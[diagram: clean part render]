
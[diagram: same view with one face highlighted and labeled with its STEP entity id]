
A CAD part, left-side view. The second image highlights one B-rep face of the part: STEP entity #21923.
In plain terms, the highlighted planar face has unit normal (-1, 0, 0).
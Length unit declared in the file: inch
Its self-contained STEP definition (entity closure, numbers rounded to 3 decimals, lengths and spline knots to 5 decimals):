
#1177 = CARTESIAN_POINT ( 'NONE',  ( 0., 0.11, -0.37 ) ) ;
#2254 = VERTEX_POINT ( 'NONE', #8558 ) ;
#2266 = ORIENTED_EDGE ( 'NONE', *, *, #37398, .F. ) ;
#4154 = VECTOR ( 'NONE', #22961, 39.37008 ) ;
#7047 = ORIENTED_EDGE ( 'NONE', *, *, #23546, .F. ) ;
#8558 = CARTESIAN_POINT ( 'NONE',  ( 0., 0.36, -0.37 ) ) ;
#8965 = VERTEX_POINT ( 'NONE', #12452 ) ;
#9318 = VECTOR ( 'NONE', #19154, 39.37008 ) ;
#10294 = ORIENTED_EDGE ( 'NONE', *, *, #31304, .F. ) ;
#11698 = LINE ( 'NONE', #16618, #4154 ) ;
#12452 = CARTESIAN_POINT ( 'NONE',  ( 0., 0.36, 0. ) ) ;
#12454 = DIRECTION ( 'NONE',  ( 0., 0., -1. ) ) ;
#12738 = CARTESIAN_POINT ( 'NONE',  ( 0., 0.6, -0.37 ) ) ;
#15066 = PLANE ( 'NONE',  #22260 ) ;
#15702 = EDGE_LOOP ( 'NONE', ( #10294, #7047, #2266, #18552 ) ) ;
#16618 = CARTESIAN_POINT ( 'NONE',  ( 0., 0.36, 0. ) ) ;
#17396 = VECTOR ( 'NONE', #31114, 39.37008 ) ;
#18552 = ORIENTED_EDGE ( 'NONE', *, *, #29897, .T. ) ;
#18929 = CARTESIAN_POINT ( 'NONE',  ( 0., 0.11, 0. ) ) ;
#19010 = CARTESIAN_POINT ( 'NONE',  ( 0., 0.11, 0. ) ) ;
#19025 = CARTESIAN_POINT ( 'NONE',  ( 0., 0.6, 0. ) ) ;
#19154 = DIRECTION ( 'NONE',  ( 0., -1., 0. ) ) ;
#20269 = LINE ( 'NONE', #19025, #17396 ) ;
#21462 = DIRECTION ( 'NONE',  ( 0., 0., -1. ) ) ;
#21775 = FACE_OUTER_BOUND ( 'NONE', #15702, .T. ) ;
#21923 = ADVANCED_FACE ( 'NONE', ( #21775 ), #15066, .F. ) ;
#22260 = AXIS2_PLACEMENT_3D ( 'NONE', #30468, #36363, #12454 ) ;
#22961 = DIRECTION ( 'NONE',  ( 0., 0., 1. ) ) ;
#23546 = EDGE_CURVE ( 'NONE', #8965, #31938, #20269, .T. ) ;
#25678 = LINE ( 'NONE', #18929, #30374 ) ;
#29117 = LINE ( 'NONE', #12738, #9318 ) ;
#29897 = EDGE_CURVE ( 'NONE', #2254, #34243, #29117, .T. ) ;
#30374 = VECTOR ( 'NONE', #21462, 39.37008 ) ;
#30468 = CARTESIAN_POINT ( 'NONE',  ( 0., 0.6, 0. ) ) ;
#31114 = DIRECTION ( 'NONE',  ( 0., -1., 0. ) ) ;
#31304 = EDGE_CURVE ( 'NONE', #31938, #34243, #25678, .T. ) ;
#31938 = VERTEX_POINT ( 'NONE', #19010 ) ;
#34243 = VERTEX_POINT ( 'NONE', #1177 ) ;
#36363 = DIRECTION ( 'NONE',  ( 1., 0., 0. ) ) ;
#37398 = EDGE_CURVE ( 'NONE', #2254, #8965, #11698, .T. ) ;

** What is needed **
Set down the whole listing once more, precisely as written.

** Solved exercise **
[diagram: clean part render]
[diagram: same view with one face highlighted and labeled with its STEP entity id]
A CAD part, left-side view. The second image highlights one B-rep face of the part: STEP entity #21923.
In plain terms, the highlighted planar face has unit normal (-1, 0, 0).
Length unit declared in the file: inch
Its self-contained STEP definition (entity closure, numbers rounded to 3 decimals, lengths and spline knots to 5 decimals):
#1177 = CARTESIAN_POINT ( 'NONE',  ( 0., 0.11, -0.37 ) ) ;
#2254 = VERTEX_POINT ( 'NONE', #8558 ) ;
#2266 = ORIENTED_EDGE ( 'NONE', *, *, #37398, .F. ) ;
#4154 = VECTOR ( 'NONE', #22961, 39.37008 ) ;
#7047 = ORIENTED_EDGE ( 'NONE', *, *, #23546, .F. ) ;
#8558 = CARTESIAN_POINT ( 'NONE',  ( 0., 0.36, -0.37 ) ) ;
#8965 = VERTEX_POINT ( 'NONE', #12452 ) ;
#9318 = VECTOR ( 'NONE', #19154, 39.37008 ) ;
#10294 = ORIENTED_EDGE ( 'NONE', *, *, #31304, .F. ) ;
#11698 = LINE ( 'NONE', #16618, #4154 ) ;
#12452 = CARTESIAN_POINT ( 'NONE',  ( 0., 0.36, 0. ) ) ;
#12454 = DIRECTION ( 'NONE',  ( 0., 0., -1. ) ) ;
#12738 = CARTESIAN_POINT ( 'NONE',  ( 0., 0.6, -0.37 ) ) ;
#15066 = PLANE ( 'NONE',  #22260 ) ;
#15702 = EDGE_LOOP ( 'NONE', ( #10294, #7047, #2266, #18552 ) ) ;
#16618 = CARTESIAN_POINT ( 'NONE',  ( 0., 0.36, 0. ) ) ;
#17396 = VECTOR ( 'NONE', #31114, 39.37008 ) ;
#18552 = ORIENTED_EDGE ( 'NONE', *, *, #29897, .T. ) ;
#18929 = CARTESIAN_POINT ( 'NONE',  ( 0., 0.11, 0. ) ) ;
#19010 = CARTESIAN_POINT ( 'NONE',  ( 0., 0.11, 0. ) ) ;
#19025 = CARTESIAN_POINT ( 'NONE',  ( 0., 0.6, 0. ) ) ;
#19154 = DIRECTION ( 'NONE',  ( 0., -1., 0. ) ) ;
#20269 = LINE ( 'NONE', #19025, #17396 ) ;
#21462 = DIRECTION ( 'NONE',  ( 0., 0., -1. ) ) ;
#21775 = FACE_OUTER_BOUND ( 'NONE', #15702, .T. ) ;
#21923 = ADVANCED_FACE ( 'NONE', ( #21775 ), #15066, .F. ) ;
#22260 = AXIS2_PLACEMENT_3D ( 'NONE', #30468, #36363, #12454 ) ;
#22961 = DIRECTION ( 'NONE',  ( 0., 0., 1. ) ) ;
#23546 = EDGE_CURVE ( 'NONE', #8965, #31938, #20269, .T. ) ;
#25678 = LINE ( 'NONE', #18929, #30374 ) ;
#29117 = LINE ( 'NONE', #12738, #9318 ) ;
#29897 = EDGE_CURVE ( 'NONE', #2254, #34243, #29117, .T. ) ;
#30374 = VECTOR ( 'NONE', #21462, 39.37008 ) ;
#30468 = CARTESIAN_POINT ( 'NONE',  ( 0., 0.6, 0. ) ) ;
#31114 = DIRECTION ( 'NONE',  ( 0., -1., 0. ) ) ;
#31304 = EDGE_CURVE ( 'NONE', #31938, #34243, #25678, .T. ) ;
#31938 = VERTEX_POINT ( 'NONE', #19010 ) ;
#34243 = VERTEX_POINT ( 'NONE', #1177 ) ;
#36363 = DIRECTION ( 'NONE',  ( 1., 0., 0. ) ) ;
#37398 = EDGE_CURVE ( 'NONE', #2254, #8965, #11698, .T. ) ;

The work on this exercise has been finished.